Task objective:
Look through the records and copy every line in which "makes" appears.

Given data:
----------

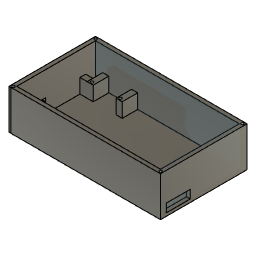
Solar Panel Box (Autodesk Fusion 360 design; units mm, degrees)
Autodesk Fusion 360 part; units mm, degrees
box "BoxPrimitive2" add length 2.6162 width 190.5 height 50.8 placed x (0, -1, 0) y (1, 0, 0) z (0, 0, 1) at (0, 2.54, 0) makes body 1
box "BoxPrimitive3" add length 104.775 width 2.6162 height 50.8 placed x (0, -1, 0) y (1, 0, 0) z (0, 0, 1) at (-2.6162, 0, 0) bodies 1
extrude "Extrude1" add 1 faces at (0, 0.8467, 16.9333) along direction (-1, 0, 0) blind 2.54 on bodies 1 bodies 1
sketch "Sketch4" plane through (0, 0, 0) normal (0, 1, 0) x (-1, 0, 0)
  line L0 (2.54, 50.8) -> (2.54, 0)
  line L1 (2.54, 0) -> (2.6162, 0)
  line L2 (2.6162, 0) -> (2.6162, 50.8)
  line L3 (2.6162, 50.8) -> (2.54, 50.8)
extrude "Extrude2" add sketch "Sketch4" along normal blind 2.54 bodies 1
copy_body "CopyPasteBodies1" bodies 1 makes body 2
move_body "Move1" bodies 2 to x (-1, 0, 0) y (0, -1, 0) z (0, 0, 1) at (190.5, -104.5602, 0)
sketch "Sketch5" plane through (0, 0, 0) normal (-1, 0, 0) x (0, -1, 0)
  line L0 (104.484, 50.8) -> (104.484, 0)
  line L1 (104.484, 0) -> (107.1002, 0)
  line L2 (107.1002, 0) -> (107.1002, 50.8)
  line L3 (107.1002, 50.8) -> (104.484, 50.8)
extrude "Extrude3" add sketch "Sketch5" along normal blind 2.5654 bodies 1 2
extrude "Extrude4" add 1 faces at (-2.5993, -104.775, 16.9333) along direction (0, -1, 0) blind 2.3114 on bodies 1 bodies 1
extrude "Extrude5" add 1 faces at (190.5, 0.9899, 16.9333) along direction (1, 0, 0) blind 2.5654 on bodies 1 bodies 1
extrude "Extrude6" add 1 faces at (193.0993, 0.2148, 16.9333) along direction (0, 1, 0) blind 2.3114 on bodies 1 bodies 1
box "BoxPrimitive4" add length 104.3259 width 190.8753 height 1.905 placed x (0, -1, 0) y (1, 0, 0) z (0, 0, 1) at (0, 0, 0) bodies 1
extrude "Extrude7" add 1 faces at (127.0169, -106.2281, 50.8) along direction (0, 0, 1) blind 1.905 on bodies 1 bodies 1
sketch "Sketch7" plane through (0, -0.0762, 0) normal (0, -1, 0) x (1, 0, 0)
  line L0 (0, 1.905) -> (190.5, 1.905)
  line L1 (190.5, 1.905) -> (190.5, 52.705)
  line L2 (190.5, 52.705) -> (0, 52.705)
  line L3 (0, 52.705) -> (0, 1.905)
sketch "Sketch8" plane through (193.1162, 0, 0) normal (1, 0, 0) x (0, 1, 0)
  line L0 (-107.1002, 0) -> (2.5262, 0)
  line L1 (2.5262, 0) -> (2.5262, 52.705)
  line L2 (2.5262, 52.705) -> (-107.1002, 52.705)
  line L3 (-107.1002, 52.705) -> (-107.1002, 0)
extrude "Extrude8" add 1 faces at (63.5, -104.3259, 0.635) along direction (0, -1, 0) blind 0.4826 on bodies 1 bodies 1
sketch "Sketch9" plane through (190.5, 0, 0) normal (-1, 0, 0) x (0, -1, 0)
  line L0 (0.0762, 1.905) -> (104.484, 1.905)
  line L1 (104.484, 1.905) -> (104.484, 52.705)
  line L2 (104.484, 52.705) -> (0.0762, 52.705)
  line L3 (0.0762, 52.705) -> (0.0762, 1.905)
  line L4 (101.8973, 3.9997) -> (70.1473, 3.9997)
  line L5 (70.1473, 3.9997) -> (70.1473, 15.1342)
  line L6 (70.1473, 15.1342) -> (101.8973, 15.1342)
  line L7 (101.8973, 15.1342) -> (101.8973, 3.9997)
  dimension "d39" = 31.75
  constraint horizontal L4
  constraint vertical L5
  constraint horizontal L6
  constraint vertical L7
  measures "d39" distance of L4.start L4.end
extrude "Extrude9" cut sketch "Sketch9" against normal blind 27.8892 contours L4 L5 L6 L7 bodies 1
extrude "Extrude10" add 1 faces at (127.8382, 2.54, 35.1367) along direction (0, 1, 0) blind 1.905 on bodies 1 bodies 1
extrude "Extrude11" add sketch "Sketch8" along normal blind 1.905 bodies 1
extrude "Extrude12" add 1 faces at (193.0654, 3.8054, 35.1367) along direction (1, 0, 0) blind 1.9558 on bodies 1 bodies 1
extrude "Extrude13" add 1 faces at (63.2968, -107.1002, 35.1367) along direction (0, -1, 0) blind 1.905 on bodies 1 bodies 1
extrude "Extrude14" add 1 faces at (-2.6162, -69.9093, 17.5683) along direction (-1, 0, 0) blind 1.905 on bodies 1 bodies 1
extrude "Extrude15" add 1 faces at (-3.8693, -107.0864, 35.1367) along direction (0, -1, 0) blind 1.905 on bodies 1 bodies 1
sketch "Sketch10" plane through (190.5, 0, 0) normal (-1, 0, 0) x (0, -1, 0)
  line L0 (70.1473, 3.9997) -> (70.1473, 15.1342)
  line L1 (70.1473, 15.1342) -> (101.8973, 15.1342)
  line L2 (101.8973, 15.1342) -> (101.8973, 3.9997)
  line L3 (101.8973, 3.9997) -> (70.1473, 3.9997)
  line L4 (0.0762, 1.905) -> (104.484, 1.905)
  line L5 (104.484, 1.905) -> (104.484, 52.705)
  line L6 (104.484, 52.705) -> (0.0762, 52.705)
  line L7 (0.0762, 52.705) -> (0.0762, 1.905)
extrude "Extrude16" cut sketch "Sketch9" against normal blind 35.941 contours L4 L5 L6 L7 bodies 1
hole "Hole1" at (192.5037, 1.8952, 52.705) direction (0, 0, -1) diameter 4 depth 12.7 tip angle 180 bodies 1
delete_face "DeleteFace1" 1 faces at (194.0033, 3.2186, 48.4717) on bodies 1
extrude "Extrude17" add 1 faces at (195.0212, -26.8461, 14.6682) along direction (1, 0, 0) blind 0.635 on bodies 1 bodies 1
extrude "Extrude18" add 1 faces at (55.5767, 4.445, 30.9033) along direction (0, 1, 0) blind 0.635 on bodies 1 bodies 1
extrude "Extrude19" add 1 faces at (63.5085, -109.0052, 35.1367) along direction (0, -1, 0) blind 0.635 on bodies 1 bodies 1
extrude "Extrude20" add 1 faces at (-4.5212, -32.9438, 35.1367) along direction (-1, 0, 0) blind 0.635 on bodies 1 bodies 1
extrude "Extrude21" add 1 faces at (-3.429, -108.9914, 17.5683) along direction (0, -1, 0) blind 0.635 on bodies 1 bodies 1
hole "Hole2" at (-2.1342, -106.7845, 52.705) direction (0, 0, -1) diameter 3.9878 depth 19.05 tip angle 180 bodies 1
thread "Thread1" "ANSI Unified Screw Threads 0.164(#8) 8-32 UNC 3B" major diameter 4.1656 minor diameter 3.4163 pitch 0.7937 angle 60 resizes the face on face at (-3.9085, -105.8749, 46.355) on bodies 1
hole "Hole3" at (-2.0747, 2.1153, 52.705) direction (0, 0, -1) diameter 3.9878 depth 19.05 tip angle 180 bodies 1
thread "Thread2" "ANSI Unified Screw Threads 0.164(#8) 8-32 UNC 3B" major diameter 4.1656 minor diameter 3.4163 pitch 0.7937 angle 60 resizes the face on face at (-1.8762, 0.1313, 46.355) on bodies 1
hole "Hole4" at (192.8437, -106.6287, 52.705) direction (0, 0, -1) diameter 3.9878 depth 19.05 tip angle 180 bodies 1
thread "Thread3" "ANSI Unified Screw Threads 0.164(#8) 8-32 UNC 3B" major diameter 4.1656 minor diameter 3.4163 pitch 0.7937 angle 60 resizes the face on face at (193.7973, -104.8776, 46.355) on bodies 1
hole "Hole5" at (192.5868, 2.0691, 52.705) direction (0, 0, -1) diameter 3.9878 depth 19.05 tip angle 180 bodies 1
thread "Thread4" "ANSI Unified Screw Threads 0.164(#8) 8-32 UNC 3B" major diameter 4.1656 minor diameter 3.4163 pitch 0.7937 angle 60 resizes the face on face at (193.5404, 3.8202, 46.355) on bodies 1
sketch "Sketch11" plane through (0, 0, 0) normal (1, 0, 0) x (0, 1, 0)
  line L0 (-104.484, 1.905) -> (-0.0762, 1.905)
  line L1 (-0.0762, 1.905) -> (-0.0762, 52.705)
  line L2 (-0.0762, 52.705) -> (-104.484, 52.705)
  line L3 (-104.484, 52.705) -> (-104.484, 1.905)
  line L4 (-75.8115, 20.5042) -> (-66.2865, 20.5042)
  line L5 (-66.2865, 20.5042) -> (-66.2865, 15.7306)
  line L6 (-66.2865, 15.7306) -> (-75.8115, 15.7306)
  line L7 (-75.8115, 15.7306) -> (-75.8115, 20.5042)
  dimension "d81" = 9.525
  constraint horizontal L4
  constraint vertical L5
  constraint horizontal L6
  constraint vertical L7
  measures "d81" distance of L4.start L4.end
extrude "Extrude22" cut sketch "Sketch11" against normal blind 39.7002 contours L4 L5 L6 L7 bodies 1
box "BoxPrimitive5" add length 8.1002 width 8.1026 height 2.54 placed x (0, -1, 0) y (1, 0, 0) z (0, 0, 1) at (12.9167, -25.0896, 1.905) bodies 1
extrude "Extrude23" add 1 faces at (18.3185, -25.0896, 2.7517) along direction (0, 1, 0) blind 12.446 on bodies 1 bodies 1
extrude "Extrude24" cut 1 faces at (18.3185, -33.1898, 2.7517) along direction (0, 1, 0) blind 12.446 on bodies 1 bodies 1
extrude "Extrude25" add 1 faces at (12.9167, -18.0438, 3.5983) along direction (-1, 0, 0) blind 3.4036 on bodies 1 bodies 1
extrude "Extrude26" cut 1 faces at (21.0193, -18.0438, 3.5983) along direction (-1, 0, 0) blind 3.4036 on bodies 1 bodies 1
extrude "Extrude27" add 1 faces at (12.214, -15.3437, 4.445) along direction (0, 0, 1) blind 16.51 on bodies 1 bodies 1
hole "Hole6" at (13.5049, -16.8536, 20.955) direction (0, 0, -1) diameter 3.9878 depth 17.526 tip angle 180 bodies 1
thread "Thread5" "ANSI Unified Screw Threads 0.164(#8) 8-32 UNC 3B" major diameter 4.1656 minor diameter 3.4163 pitch 0.7937 angle 60 resizes the face on face at (13.7034, -18.8376, 15.113) on bodies 1
extrude "Extrude28" add 1 faces at (12.214, -12.6436, 14.605) along direction (0, 1, 0) blind 13.6906 on bodies 1 bodies 1
box "BoxPrimitive6" add length 7.5851 width 10.7758 height 19.0694 placed x (0, 1, 0) y (-1, 0, 0) z (0, 0, 1) at (9.5131, -20.7438, 1.905) bodies 1
box "BoxPrimitive7" add length 7.8411 width 8.1078 height 2.54 placed x (0, 1, 0) y (-1, 0, 0) z (0, 0, 1) at (53.7673, -20.2274, 1.905) bodies 1
extrude "Extrude29" cut 1 faces at (51.0647, -12.3863, 2.7517) along direction (0, -1, 0) blind 0.381 on bodies 1 bodies 1
extrude "Extrude30" add 1 faces at (51.0647, -20.2274, 2.7517) along direction (0, -1, 0) blind 0.381 on bodies 1 bodies 1
extrude "Extrude31" cut 1 faces at (45.6595, -15.381, 2.7517) along direction (1, 0, 0) blind 2.1209 on bodies 1 bodies 1
extrude "Extrude32" add 1 faces at (53.7673, -15.381, 2.7517) along direction (1, 0, 0) blind 2.1209 on bodies 1 bodies 1
extrude "Extrude33" add 1 faces at (50.483, -15.381, 4.445) along direction (0, 0, 1) blind 16.51 on bodies 1 bodies 1
extrude "Extrude34" add 1 faces at (53.1856, -12.7673, 8.255) along direction (0, 1, 0) blind 12.9794 on bodies 1 bodies 1
hole "Hole7" at (50.732, -17.7283, 20.955) direction (0, 0, -1) diameter 3.9878 depth 17.526 tip angle 180 bodies 1
delete_face "DeleteFace2" 1 faces at (15.1241, -17.3976, 15.113) on bodies 1
hole "Hole8" at (14.6021, -17.8526, 20.955) direction (0, 0, -1) diameter 3.9878 depth 17.526 tip angle 180 bodies 1
delete_face "DeleteFace3" 1 faces at (14.8007, -19.8366, 15.113) on bodies 1
hole "Hole9" at (14.5491, -17.8578, 20.955) direction (0, 0, -1) diameter 3.9878 depth 17.526 tip angle 180 bodies 1
delete_face "DeleteFace4" 1 faces at (14.7477, -19.8418, 15.113) on bodies 1
hole "Hole10" at (13.8292, -17.8152, 20.955) direction (0, 0, -1) diameter 3.9878 depth 17.526 tip angle 180 bodies 1
delete_face "DeleteFace5" 1 faces at (14.0278, -19.7992, 15.113) on bodies 1
hole "Hole11" at (13.1993, -17.8781, 20.955) direction (0, 0, -1) diameter 3.9878 depth 17.526 tip angle 180 bodies 1
thread "Thread6" "ANSI Unified Screw Threads 0.164(#8) 8-32 UNC 3B" major diameter 4.1656 minor diameter 3.4163 pitch 0.7937 angle 60 resizes the face on face at (13.3978, -19.8621, 15.113) on bodies 1
thread "Thread7" "ANSI Unified Screw Threads 0.164(#8) 8-32 UNC 3B" major diameter 4.1656 minor diameter 3.4163 pitch 0.7937 angle 60 resizes the face on face at (50.337, -15.774, 15.113) on bodies 1

----------

Your solution:
box "BoxPrimitive2" add length 2.6162 width 190.5 height 50.8 placed x (0, -1, 0) y (1, 0, 0) z (0, 0, 1) at (0, 2.54, 0) makes body 1
copy_body "CopyPasteBodies1" bodies 1 makes body 2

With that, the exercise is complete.